### Material provided
· · · · · · ·
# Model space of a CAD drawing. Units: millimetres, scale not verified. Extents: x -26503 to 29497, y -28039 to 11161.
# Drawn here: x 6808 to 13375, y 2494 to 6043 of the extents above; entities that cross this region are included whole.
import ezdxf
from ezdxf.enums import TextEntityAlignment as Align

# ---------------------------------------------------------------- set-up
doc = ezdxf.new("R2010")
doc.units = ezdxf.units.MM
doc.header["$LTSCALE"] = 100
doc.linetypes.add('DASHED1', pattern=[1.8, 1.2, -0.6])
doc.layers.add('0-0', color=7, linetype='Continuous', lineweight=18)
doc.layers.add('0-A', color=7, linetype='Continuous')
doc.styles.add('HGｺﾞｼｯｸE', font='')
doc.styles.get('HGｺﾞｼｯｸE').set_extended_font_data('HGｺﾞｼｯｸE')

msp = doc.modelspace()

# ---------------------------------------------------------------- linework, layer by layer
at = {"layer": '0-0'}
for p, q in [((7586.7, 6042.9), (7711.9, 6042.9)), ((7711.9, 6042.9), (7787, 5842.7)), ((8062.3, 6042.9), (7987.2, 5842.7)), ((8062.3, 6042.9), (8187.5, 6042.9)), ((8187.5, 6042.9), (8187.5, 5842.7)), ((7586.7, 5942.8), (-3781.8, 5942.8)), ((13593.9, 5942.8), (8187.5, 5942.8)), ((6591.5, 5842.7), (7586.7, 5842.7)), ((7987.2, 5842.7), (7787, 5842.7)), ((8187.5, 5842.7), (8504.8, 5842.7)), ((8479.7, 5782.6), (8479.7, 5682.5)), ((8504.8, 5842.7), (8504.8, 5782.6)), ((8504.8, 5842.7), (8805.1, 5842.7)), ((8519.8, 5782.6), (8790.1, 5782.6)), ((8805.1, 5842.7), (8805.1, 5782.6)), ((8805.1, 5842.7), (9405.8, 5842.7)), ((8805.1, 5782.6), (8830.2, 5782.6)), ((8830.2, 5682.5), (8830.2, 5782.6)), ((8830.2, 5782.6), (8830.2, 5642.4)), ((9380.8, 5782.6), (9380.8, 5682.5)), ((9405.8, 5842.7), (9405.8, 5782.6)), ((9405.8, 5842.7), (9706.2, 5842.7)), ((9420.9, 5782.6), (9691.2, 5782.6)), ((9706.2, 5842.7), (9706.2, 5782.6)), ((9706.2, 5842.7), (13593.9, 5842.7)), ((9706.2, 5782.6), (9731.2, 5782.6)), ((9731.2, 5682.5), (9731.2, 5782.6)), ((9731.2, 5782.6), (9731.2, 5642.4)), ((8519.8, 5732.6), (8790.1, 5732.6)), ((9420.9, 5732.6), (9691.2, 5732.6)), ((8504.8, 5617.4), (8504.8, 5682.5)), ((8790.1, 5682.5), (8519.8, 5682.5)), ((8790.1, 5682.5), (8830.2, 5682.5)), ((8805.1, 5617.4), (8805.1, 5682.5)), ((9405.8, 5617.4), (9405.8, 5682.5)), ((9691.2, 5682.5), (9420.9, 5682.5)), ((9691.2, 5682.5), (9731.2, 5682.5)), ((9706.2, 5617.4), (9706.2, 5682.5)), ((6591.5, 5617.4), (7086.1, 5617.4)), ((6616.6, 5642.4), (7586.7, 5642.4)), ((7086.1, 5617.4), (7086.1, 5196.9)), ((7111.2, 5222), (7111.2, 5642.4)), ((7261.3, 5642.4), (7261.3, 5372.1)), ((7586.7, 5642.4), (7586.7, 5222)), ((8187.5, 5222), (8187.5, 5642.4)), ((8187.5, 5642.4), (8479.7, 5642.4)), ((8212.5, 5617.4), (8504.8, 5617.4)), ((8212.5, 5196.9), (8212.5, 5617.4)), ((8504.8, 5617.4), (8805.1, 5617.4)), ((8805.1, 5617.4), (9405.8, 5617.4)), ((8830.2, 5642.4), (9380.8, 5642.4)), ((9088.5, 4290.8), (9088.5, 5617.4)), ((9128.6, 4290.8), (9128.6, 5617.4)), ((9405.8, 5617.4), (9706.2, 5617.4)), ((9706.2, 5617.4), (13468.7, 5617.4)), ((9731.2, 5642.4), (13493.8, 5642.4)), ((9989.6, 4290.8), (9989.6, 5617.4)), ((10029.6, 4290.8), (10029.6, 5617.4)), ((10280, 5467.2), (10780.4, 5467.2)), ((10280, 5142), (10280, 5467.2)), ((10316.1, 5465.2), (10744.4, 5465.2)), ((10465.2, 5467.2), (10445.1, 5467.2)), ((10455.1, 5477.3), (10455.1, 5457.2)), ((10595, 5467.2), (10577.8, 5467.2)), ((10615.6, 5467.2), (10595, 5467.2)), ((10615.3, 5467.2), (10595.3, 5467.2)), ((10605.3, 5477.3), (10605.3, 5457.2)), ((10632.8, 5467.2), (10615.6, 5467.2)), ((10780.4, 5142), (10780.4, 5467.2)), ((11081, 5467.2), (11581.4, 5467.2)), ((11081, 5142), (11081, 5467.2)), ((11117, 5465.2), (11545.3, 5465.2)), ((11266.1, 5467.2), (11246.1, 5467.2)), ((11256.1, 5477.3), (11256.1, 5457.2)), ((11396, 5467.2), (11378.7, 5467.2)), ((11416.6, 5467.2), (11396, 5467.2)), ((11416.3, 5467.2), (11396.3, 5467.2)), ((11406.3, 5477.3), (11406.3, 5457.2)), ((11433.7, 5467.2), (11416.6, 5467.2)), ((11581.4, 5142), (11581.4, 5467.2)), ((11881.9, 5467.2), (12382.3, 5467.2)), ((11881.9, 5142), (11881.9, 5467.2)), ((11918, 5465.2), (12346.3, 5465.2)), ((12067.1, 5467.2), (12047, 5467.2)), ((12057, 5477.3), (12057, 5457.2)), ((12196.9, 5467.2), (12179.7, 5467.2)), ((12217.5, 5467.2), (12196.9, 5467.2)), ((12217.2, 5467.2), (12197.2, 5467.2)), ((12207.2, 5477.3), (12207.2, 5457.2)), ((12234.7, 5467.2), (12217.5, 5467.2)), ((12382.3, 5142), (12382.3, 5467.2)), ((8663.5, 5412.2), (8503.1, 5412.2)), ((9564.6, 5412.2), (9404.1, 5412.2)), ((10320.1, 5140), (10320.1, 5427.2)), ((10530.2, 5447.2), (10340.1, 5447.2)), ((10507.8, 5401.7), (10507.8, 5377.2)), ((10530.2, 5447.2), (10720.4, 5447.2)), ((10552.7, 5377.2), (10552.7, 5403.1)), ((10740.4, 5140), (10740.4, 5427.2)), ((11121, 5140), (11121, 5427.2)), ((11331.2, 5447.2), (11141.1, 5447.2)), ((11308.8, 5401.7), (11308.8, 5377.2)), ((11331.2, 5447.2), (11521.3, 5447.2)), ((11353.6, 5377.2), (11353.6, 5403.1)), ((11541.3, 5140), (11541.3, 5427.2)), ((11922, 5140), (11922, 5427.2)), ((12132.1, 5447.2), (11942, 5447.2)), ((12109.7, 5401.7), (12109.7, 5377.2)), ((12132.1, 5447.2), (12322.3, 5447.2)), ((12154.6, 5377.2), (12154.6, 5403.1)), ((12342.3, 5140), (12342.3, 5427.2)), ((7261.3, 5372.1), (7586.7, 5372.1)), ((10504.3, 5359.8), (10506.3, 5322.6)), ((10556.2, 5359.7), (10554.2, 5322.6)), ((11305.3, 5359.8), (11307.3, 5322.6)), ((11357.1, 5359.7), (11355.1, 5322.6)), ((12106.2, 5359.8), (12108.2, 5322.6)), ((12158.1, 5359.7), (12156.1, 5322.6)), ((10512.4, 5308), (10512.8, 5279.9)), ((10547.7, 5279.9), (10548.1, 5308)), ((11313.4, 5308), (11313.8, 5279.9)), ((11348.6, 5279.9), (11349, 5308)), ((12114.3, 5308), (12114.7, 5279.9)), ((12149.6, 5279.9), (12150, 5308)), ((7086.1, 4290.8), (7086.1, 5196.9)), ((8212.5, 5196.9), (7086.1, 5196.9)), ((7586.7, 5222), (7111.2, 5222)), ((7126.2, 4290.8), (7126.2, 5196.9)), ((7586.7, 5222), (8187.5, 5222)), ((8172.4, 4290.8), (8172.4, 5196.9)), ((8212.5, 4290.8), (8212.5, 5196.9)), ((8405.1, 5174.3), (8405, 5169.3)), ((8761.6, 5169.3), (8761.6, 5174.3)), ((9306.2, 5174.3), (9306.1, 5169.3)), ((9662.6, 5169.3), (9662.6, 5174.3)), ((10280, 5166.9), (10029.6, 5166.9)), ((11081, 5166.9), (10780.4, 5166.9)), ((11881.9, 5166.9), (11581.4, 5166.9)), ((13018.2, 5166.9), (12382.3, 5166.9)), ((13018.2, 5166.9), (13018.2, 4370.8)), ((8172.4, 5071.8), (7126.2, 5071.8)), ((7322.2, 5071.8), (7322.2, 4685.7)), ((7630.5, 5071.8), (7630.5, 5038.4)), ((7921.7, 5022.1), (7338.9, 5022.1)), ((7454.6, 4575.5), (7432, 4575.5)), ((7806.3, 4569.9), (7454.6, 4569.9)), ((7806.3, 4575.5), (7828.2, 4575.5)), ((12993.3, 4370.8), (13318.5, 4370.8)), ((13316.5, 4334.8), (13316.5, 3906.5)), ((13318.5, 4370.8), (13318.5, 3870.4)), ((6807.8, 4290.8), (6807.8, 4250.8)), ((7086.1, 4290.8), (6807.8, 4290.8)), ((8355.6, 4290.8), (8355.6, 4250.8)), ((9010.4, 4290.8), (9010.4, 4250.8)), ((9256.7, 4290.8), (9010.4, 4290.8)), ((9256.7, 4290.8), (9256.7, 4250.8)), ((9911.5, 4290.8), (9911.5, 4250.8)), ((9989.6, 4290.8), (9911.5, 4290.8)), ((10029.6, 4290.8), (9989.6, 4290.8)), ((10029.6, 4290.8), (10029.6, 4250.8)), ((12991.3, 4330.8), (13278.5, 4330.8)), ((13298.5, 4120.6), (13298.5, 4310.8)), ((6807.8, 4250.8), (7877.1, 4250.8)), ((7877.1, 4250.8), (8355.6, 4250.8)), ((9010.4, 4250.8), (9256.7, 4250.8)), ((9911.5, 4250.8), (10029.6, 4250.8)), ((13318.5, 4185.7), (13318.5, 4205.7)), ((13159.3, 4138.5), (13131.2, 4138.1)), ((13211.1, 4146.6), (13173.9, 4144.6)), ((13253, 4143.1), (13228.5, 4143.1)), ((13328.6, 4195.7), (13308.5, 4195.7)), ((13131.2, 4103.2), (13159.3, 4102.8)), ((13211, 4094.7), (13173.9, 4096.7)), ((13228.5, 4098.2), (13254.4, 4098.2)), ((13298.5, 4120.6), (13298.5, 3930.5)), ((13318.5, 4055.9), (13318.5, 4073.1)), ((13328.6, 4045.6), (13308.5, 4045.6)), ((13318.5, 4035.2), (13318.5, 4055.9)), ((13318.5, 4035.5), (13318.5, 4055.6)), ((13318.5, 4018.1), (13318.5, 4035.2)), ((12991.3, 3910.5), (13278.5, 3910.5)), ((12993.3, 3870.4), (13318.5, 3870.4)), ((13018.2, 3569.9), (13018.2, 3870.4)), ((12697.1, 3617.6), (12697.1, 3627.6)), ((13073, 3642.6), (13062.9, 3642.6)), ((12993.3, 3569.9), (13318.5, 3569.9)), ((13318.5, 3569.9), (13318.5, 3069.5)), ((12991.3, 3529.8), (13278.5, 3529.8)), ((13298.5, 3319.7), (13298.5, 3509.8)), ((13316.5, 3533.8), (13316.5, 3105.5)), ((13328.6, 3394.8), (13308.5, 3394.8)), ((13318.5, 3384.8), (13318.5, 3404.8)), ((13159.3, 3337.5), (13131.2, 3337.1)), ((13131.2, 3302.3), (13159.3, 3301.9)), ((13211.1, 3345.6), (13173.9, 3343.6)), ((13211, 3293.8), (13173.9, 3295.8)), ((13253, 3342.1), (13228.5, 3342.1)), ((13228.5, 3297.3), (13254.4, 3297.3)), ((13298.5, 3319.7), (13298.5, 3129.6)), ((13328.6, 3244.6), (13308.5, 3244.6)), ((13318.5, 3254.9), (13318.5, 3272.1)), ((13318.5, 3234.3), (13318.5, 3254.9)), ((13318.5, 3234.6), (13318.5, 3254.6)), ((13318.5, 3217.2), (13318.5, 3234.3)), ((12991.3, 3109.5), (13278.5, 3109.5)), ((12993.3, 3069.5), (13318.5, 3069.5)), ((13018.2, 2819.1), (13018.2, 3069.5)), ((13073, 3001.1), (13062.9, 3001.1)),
· · · · · · ·
### Directions for this task
What number of lines in the records contain the word "color"? Answer with that number alone.

### Result of this task
2